### TASK PROMPT
One figure is wanted here: how many lines in the entries hold the word "note".

>>>

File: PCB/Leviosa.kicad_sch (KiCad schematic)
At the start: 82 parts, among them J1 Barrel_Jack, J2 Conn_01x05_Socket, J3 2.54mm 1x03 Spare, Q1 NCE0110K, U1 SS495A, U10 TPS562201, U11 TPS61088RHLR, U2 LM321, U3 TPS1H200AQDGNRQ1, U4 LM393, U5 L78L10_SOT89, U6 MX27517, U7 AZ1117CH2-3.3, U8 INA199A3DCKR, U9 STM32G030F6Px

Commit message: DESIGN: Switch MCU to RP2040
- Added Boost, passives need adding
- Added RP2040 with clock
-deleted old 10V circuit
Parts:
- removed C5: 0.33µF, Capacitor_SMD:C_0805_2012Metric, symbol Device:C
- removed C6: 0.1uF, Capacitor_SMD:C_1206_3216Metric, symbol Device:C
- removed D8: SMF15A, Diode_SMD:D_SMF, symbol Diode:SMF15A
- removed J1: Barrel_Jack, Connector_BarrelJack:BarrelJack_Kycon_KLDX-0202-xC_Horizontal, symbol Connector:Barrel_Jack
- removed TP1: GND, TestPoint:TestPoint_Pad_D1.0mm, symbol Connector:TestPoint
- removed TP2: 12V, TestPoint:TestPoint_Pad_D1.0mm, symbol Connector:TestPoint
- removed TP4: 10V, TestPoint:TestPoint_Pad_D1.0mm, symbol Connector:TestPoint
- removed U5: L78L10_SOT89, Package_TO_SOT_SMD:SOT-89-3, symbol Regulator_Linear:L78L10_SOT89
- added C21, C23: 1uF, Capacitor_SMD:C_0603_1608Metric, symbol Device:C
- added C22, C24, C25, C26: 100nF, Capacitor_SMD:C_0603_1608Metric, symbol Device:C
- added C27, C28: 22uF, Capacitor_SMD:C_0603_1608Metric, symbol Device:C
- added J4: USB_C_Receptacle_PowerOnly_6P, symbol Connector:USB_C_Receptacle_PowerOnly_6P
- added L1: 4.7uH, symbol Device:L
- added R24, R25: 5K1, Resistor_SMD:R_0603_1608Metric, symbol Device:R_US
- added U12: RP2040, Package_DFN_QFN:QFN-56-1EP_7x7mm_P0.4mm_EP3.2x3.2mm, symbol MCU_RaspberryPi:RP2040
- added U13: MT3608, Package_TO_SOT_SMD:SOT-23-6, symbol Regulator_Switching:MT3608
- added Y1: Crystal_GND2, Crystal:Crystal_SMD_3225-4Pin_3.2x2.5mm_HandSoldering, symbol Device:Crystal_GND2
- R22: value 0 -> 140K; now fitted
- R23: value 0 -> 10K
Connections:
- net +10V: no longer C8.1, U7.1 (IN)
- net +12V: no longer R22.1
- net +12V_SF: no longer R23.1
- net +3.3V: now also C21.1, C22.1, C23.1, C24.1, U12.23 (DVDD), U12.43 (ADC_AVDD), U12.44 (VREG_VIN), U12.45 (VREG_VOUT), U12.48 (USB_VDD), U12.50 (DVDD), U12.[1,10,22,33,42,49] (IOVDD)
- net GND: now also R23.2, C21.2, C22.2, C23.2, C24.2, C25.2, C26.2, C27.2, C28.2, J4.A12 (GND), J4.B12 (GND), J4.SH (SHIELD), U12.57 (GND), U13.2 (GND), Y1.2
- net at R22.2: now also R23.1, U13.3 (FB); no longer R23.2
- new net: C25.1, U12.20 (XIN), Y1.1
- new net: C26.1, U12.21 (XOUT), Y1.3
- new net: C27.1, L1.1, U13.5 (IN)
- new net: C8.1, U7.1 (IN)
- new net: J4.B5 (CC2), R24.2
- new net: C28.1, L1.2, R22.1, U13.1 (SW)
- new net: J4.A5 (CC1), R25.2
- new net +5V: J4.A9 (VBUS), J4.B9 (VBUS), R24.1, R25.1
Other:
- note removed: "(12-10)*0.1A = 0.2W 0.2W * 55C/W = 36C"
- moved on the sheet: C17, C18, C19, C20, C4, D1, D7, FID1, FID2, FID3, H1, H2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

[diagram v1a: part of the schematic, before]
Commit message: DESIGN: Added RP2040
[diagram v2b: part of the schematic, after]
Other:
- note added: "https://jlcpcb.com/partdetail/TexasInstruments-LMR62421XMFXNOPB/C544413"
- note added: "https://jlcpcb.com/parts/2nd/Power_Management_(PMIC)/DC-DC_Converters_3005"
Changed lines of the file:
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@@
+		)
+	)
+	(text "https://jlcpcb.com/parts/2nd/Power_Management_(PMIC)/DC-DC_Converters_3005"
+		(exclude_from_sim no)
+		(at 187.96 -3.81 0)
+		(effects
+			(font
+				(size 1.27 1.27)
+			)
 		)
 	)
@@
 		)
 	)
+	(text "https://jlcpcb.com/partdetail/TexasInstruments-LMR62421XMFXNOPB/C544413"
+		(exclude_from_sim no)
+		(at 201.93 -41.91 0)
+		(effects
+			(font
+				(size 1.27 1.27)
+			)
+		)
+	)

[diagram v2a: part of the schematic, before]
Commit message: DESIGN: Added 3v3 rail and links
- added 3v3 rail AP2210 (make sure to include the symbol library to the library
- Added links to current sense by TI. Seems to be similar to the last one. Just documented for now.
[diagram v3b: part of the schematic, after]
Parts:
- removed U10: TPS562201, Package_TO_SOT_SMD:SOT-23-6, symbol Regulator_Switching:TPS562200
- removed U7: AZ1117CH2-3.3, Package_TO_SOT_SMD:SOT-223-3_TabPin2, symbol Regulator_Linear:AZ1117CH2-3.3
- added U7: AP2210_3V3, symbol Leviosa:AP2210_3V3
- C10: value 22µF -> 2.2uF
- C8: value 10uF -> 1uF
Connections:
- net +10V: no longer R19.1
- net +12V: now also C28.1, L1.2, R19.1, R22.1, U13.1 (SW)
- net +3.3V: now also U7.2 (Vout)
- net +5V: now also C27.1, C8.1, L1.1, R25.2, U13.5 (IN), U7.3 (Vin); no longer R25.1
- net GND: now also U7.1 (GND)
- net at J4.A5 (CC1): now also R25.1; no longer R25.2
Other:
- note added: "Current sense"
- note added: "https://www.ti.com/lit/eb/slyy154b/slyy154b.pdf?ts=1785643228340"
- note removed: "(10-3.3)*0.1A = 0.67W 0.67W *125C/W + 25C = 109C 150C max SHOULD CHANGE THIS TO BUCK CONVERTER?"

<<<

### RESPONSE BELOW
6